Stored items
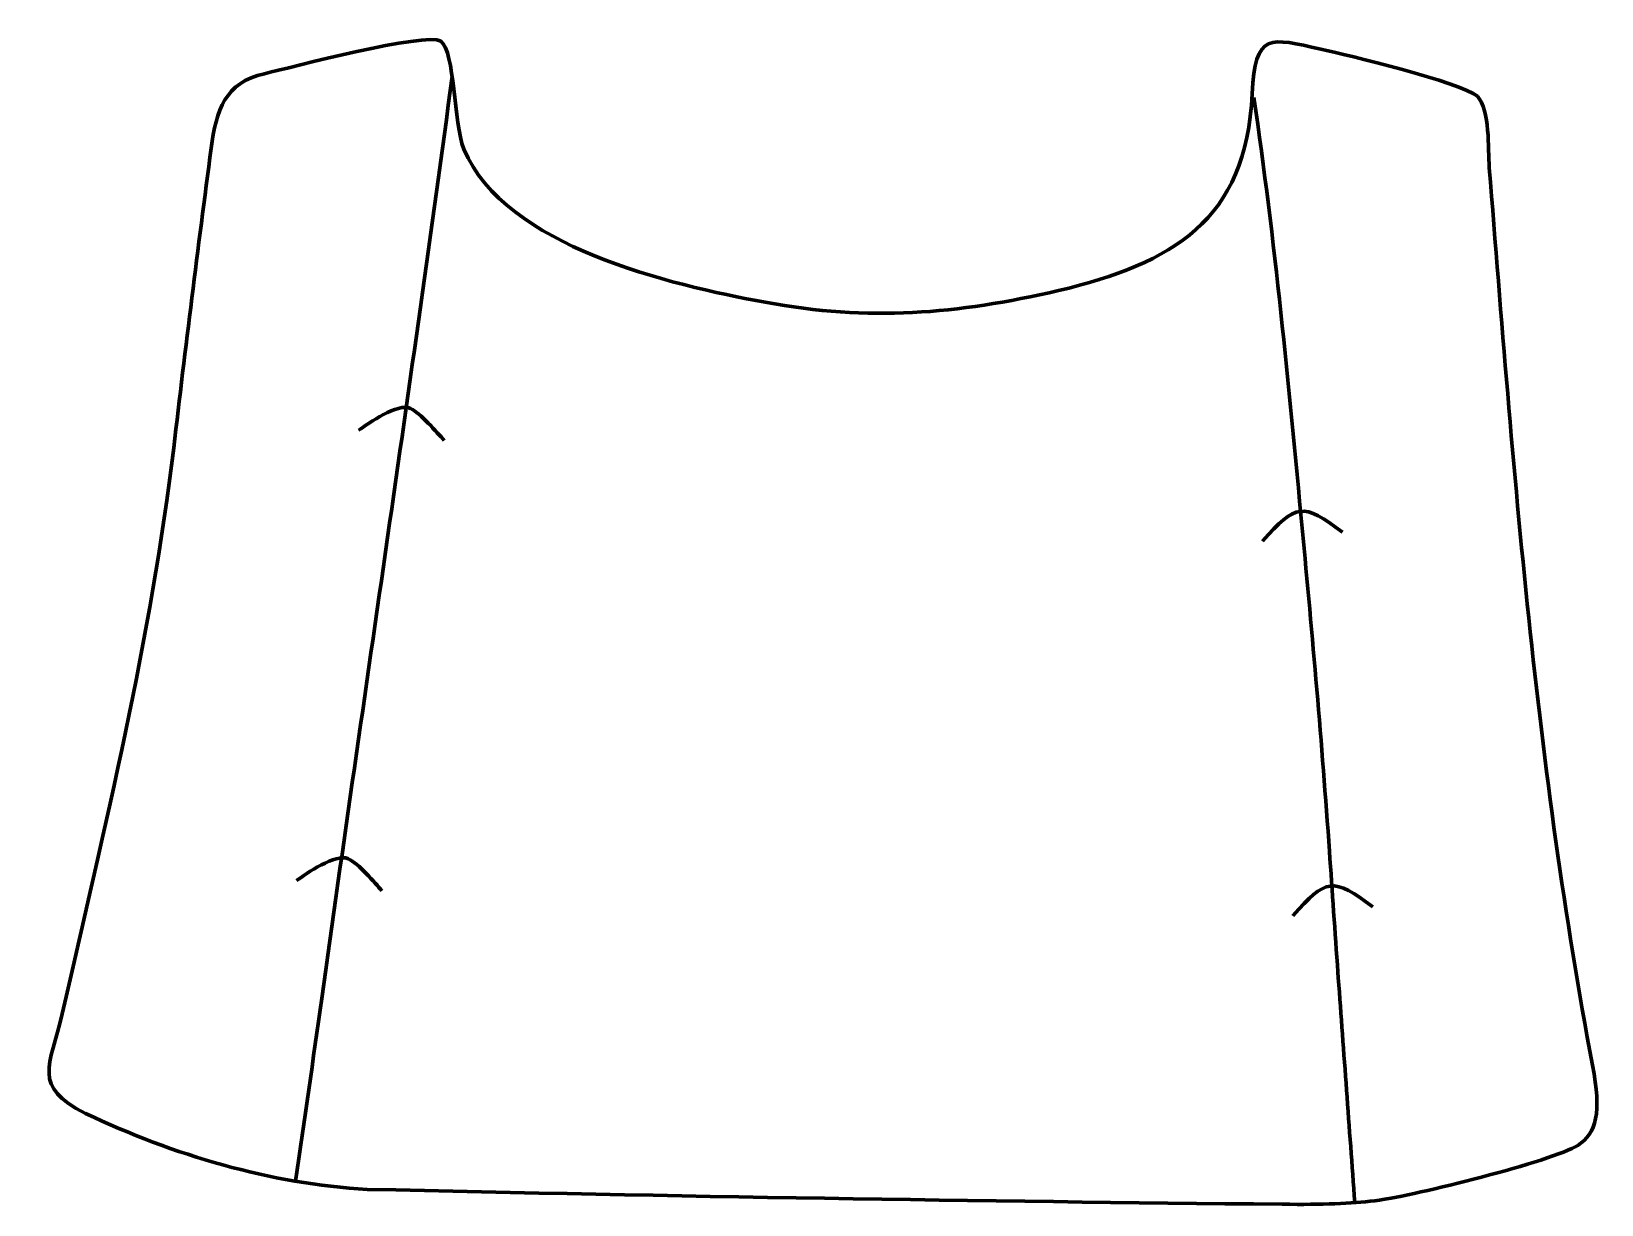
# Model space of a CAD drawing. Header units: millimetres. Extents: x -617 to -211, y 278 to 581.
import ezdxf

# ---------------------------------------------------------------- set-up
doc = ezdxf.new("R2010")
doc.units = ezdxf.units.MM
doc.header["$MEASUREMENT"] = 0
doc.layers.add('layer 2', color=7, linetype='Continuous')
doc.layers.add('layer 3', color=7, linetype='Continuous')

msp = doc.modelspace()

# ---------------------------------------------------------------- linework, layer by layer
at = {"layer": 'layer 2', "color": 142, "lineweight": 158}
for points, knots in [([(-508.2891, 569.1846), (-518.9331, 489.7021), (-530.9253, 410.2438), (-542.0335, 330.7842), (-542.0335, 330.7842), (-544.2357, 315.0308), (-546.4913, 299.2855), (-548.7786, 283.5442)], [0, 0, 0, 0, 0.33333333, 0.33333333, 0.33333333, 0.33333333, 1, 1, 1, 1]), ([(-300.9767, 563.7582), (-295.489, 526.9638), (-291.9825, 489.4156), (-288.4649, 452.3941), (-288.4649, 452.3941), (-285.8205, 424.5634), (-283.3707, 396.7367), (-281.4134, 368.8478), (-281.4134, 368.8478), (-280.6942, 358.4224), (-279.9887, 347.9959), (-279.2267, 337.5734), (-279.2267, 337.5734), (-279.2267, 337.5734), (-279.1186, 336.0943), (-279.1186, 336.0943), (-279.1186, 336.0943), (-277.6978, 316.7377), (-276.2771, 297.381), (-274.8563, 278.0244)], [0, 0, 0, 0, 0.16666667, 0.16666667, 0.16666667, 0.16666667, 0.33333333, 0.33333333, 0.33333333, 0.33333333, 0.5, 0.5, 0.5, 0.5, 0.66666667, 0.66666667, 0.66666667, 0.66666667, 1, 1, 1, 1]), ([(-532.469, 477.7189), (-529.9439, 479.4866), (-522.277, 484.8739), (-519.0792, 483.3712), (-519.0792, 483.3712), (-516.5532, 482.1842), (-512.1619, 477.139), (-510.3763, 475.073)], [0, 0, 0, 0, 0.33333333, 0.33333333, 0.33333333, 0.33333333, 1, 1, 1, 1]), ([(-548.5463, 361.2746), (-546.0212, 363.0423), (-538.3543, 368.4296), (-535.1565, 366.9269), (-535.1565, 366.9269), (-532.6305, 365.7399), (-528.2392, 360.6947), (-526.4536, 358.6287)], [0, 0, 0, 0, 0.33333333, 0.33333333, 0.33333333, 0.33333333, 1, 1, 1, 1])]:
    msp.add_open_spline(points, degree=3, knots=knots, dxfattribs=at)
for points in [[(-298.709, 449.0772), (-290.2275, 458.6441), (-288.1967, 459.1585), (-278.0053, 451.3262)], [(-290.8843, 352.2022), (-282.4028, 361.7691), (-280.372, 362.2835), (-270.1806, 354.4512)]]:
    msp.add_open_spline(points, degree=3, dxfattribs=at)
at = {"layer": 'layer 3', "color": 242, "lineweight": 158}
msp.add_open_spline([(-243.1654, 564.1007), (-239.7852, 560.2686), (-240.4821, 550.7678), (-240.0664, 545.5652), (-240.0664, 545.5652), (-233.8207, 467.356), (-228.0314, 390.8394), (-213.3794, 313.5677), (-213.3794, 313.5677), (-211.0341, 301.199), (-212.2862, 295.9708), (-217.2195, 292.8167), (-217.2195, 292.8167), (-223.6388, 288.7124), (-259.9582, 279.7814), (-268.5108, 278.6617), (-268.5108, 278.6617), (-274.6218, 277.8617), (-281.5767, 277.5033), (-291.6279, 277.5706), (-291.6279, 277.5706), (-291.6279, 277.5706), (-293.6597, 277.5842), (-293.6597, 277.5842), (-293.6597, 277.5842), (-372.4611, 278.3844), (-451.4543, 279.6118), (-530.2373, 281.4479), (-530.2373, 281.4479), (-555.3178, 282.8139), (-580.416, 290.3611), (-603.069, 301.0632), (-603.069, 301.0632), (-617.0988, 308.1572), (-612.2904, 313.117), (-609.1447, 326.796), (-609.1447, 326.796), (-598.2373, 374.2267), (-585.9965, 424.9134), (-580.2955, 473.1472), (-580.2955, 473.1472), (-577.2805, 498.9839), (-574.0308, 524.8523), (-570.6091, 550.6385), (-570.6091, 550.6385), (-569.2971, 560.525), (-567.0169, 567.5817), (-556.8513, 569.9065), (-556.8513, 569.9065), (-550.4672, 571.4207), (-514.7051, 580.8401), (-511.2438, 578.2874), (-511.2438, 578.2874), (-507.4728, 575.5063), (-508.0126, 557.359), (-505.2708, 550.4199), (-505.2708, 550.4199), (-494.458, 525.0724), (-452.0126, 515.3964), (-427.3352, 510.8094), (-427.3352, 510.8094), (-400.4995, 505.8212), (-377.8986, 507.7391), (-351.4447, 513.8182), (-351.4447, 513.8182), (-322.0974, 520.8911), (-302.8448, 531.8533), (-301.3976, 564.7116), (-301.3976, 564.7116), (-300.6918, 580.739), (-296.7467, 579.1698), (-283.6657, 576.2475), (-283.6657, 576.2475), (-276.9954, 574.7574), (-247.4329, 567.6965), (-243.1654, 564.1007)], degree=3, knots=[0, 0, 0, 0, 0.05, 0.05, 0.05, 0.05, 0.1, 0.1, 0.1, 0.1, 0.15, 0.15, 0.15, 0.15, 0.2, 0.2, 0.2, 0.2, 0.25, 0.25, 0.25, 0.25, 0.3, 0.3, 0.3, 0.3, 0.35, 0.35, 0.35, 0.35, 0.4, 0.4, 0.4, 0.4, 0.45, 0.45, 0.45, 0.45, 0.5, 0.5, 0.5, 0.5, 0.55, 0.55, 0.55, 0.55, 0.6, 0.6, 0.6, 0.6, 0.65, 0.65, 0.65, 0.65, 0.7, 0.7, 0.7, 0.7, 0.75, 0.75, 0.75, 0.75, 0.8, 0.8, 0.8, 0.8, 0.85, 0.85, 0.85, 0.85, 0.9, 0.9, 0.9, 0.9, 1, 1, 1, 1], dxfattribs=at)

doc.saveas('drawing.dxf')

# [EXERCISE AIM]
Please copy the preceding records exactly and omit the images.

# [THE COMPLETED TASK]
# Model space of a CAD drawing. Header units: millimetres. Extents: x -617 to -211, y 278 to 581.
import ezdxf

# ---------------------------------------------------------------- set-up
doc = ezdxf.new("R2010")
doc.units = ezdxf.units.MM
doc.header["$MEASUREMENT"] = 0
doc.layers.add('layer 2', color=7, linetype='Continuous')
doc.layers.add('layer 3', color=7, linetype='Continuous')

msp = doc.modelspace()

# ---------------------------------------------------------------- linework, layer by layer
at = {"layer": 'layer 2', "color": 142, "lineweight": 158}
for points, knots in [([(-508.2891, 569.1846), (-518.9331, 489.7021), (-530.9253, 410.2438), (-542.0335, 330.7842), (-542.0335, 330.7842), (-544.2357, 315.0308), (-546.4913, 299.2855), (-548.7786, 283.5442)], [0, 0, 0, 0, 0.33333333, 0.33333333, 0.33333333, 0.33333333, 1, 1, 1, 1]), ([(-300.9767, 563.7582), (-295.489, 526.9638), (-291.9825, 489.4156), (-288.4649, 452.3941), (-288.4649, 452.3941), (-285.8205, 424.5634), (-283.3707, 396.7367), (-281.4134, 368.8478), (-281.4134, 368.8478), (-280.6942, 358.4224), (-279.9887, 347.9959), (-279.2267, 337.5734), (-279.2267, 337.5734), (-279.2267, 337.5734), (-279.1186, 336.0943), (-279.1186, 336.0943), (-279.1186, 336.0943), (-277.6978, 316.7377), (-276.2771, 297.381), (-274.8563, 278.0244)], [0, 0, 0, 0, 0.16666667, 0.16666667, 0.16666667, 0.16666667, 0.33333333, 0.33333333, 0.33333333, 0.33333333, 0.5, 0.5, 0.5, 0.5, 0.66666667, 0.66666667, 0.66666667, 0.66666667, 1, 1, 1, 1]), ([(-532.469, 477.7189), (-529.9439, 479.4866), (-522.277, 484.8739), (-519.0792, 483.3712), (-519.0792, 483.3712), (-516.5532, 482.1842), (-512.1619, 477.139), (-510.3763, 475.073)], [0, 0, 0, 0, 0.33333333, 0.33333333, 0.33333333, 0.33333333, 1, 1, 1, 1]), ([(-548.5463, 361.2746), (-546.0212, 363.0423), (-538.3543, 368.4296), (-535.1565, 366.9269), (-535.1565, 366.9269), (-532.6305, 365.7399), (-528.2392, 360.6947), (-526.4536, 358.6287)], [0, 0, 0, 0, 0.33333333, 0.33333333, 0.33333333, 0.33333333, 1, 1, 1, 1])]:
    msp.add_open_spline(points, degree=3, knots=knots, dxfattribs=at)
for points in [[(-298.709, 449.0772), (-290.2275, 458.6441), (-288.1967, 459.1585), (-278.0053, 451.3262)], [(-290.8843, 352.2022), (-282.4028, 361.7691), (-280.372, 362.2835), (-270.1806, 354.4512)]]:
    msp.add_open_spline(points, degree=3, dxfattribs=at)
at = {"layer": 'layer 3', "color": 242, "lineweight": 158}
msp.add_open_spline([(-243.1654, 564.1007), (-239.7852, 560.2686), (-240.4821, 550.7678), (-240.0664, 545.5652), (-240.0664, 545.5652), (-233.8207, 467.356), (-228.0314, 390.8394), (-213.3794, 313.5677), (-213.3794, 313.5677), (-211.0341, 301.199), (-212.2862, 295.9708), (-217.2195, 292.8167), (-217.2195, 292.8167), (-223.6388, 288.7124), (-259.9582, 279.7814), (-268.5108, 278.6617), (-268.5108, 278.6617), (-274.6218, 277.8617), (-281.5767, 277.5033), (-291.6279, 277.5706), (-291.6279, 277.5706), (-291.6279, 277.5706), (-293.6597, 277.5842), (-293.6597, 277.5842), (-293.6597, 277.5842), (-372.4611, 278.3844), (-451.4543, 279.6118), (-530.2373, 281.4479), (-530.2373, 281.4479), (-555.3178, 282.8139), (-580.416, 290.3611), (-603.069, 301.0632), (-603.069, 301.0632), (-617.0988, 308.1572), (-612.2904, 313.117), (-609.1447, 326.796), (-609.1447, 326.796), (-598.2373, 374.2267), (-585.9965, 424.9134), (-580.2955, 473.1472), (-580.2955, 473.1472), (-577.2805, 498.9839), (-574.0308, 524.8523), (-570.6091, 550.6385), (-570.6091, 550.6385), (-569.2971, 560.525), (-567.0169, 567.5817), (-556.8513, 569.9065), (-556.8513, 569.9065), (-550.4672, 571.4207), (-514.7051, 580.8401), (-511.2438, 578.2874), (-511.2438, 578.2874), (-507.4728, 575.5063), (-508.0126, 557.359), (-505.2708, 550.4199), (-505.2708, 550.4199), (-494.458, 525.0724), (-452.0126, 515.3964), (-427.3352, 510.8094), (-427.3352, 510.8094), (-400.4995, 505.8212), (-377.8986, 507.7391), (-351.4447, 513.8182), (-351.4447, 513.8182), (-322.0974, 520.8911), (-302.8448, 531.8533), (-301.3976, 564.7116), (-301.3976, 564.7116), (-300.6918, 580.739), (-296.7467, 579.1698), (-283.6657, 576.2475), (-283.6657, 576.2475), (-276.9954, 574.7574), (-247.4329, 567.6965), (-243.1654, 564.1007)], degree=3, knots=[0, 0, 0, 0, 0.05, 0.05, 0.05, 0.05, 0.1, 0.1, 0.1, 0.1, 0.15, 0.15, 0.15, 0.15, 0.2, 0.2, 0.2, 0.2, 0.25, 0.25, 0.25, 0.25, 0.3, 0.3, 0.3, 0.3, 0.35, 0.35, 0.35, 0.35, 0.4, 0.4, 0.4, 0.4, 0.45, 0.45, 0.45, 0.45, 0.5, 0.5, 0.5, 0.5, 0.55, 0.55, 0.55, 0.55, 0.6, 0.6, 0.6, 0.6, 0.65, 0.65, 0.65, 0.65, 0.7, 0.7, 0.7, 0.7, 0.75, 0.75, 0.75, 0.75, 0.8, 0.8, 0.8, 0.8, 0.85, 0.85, 0.85, 0.85, 0.9, 0.9, 0.9, 0.9, 1, 1, 1, 1], dxfattribs=at)

doc.saveas('drawing.dxf')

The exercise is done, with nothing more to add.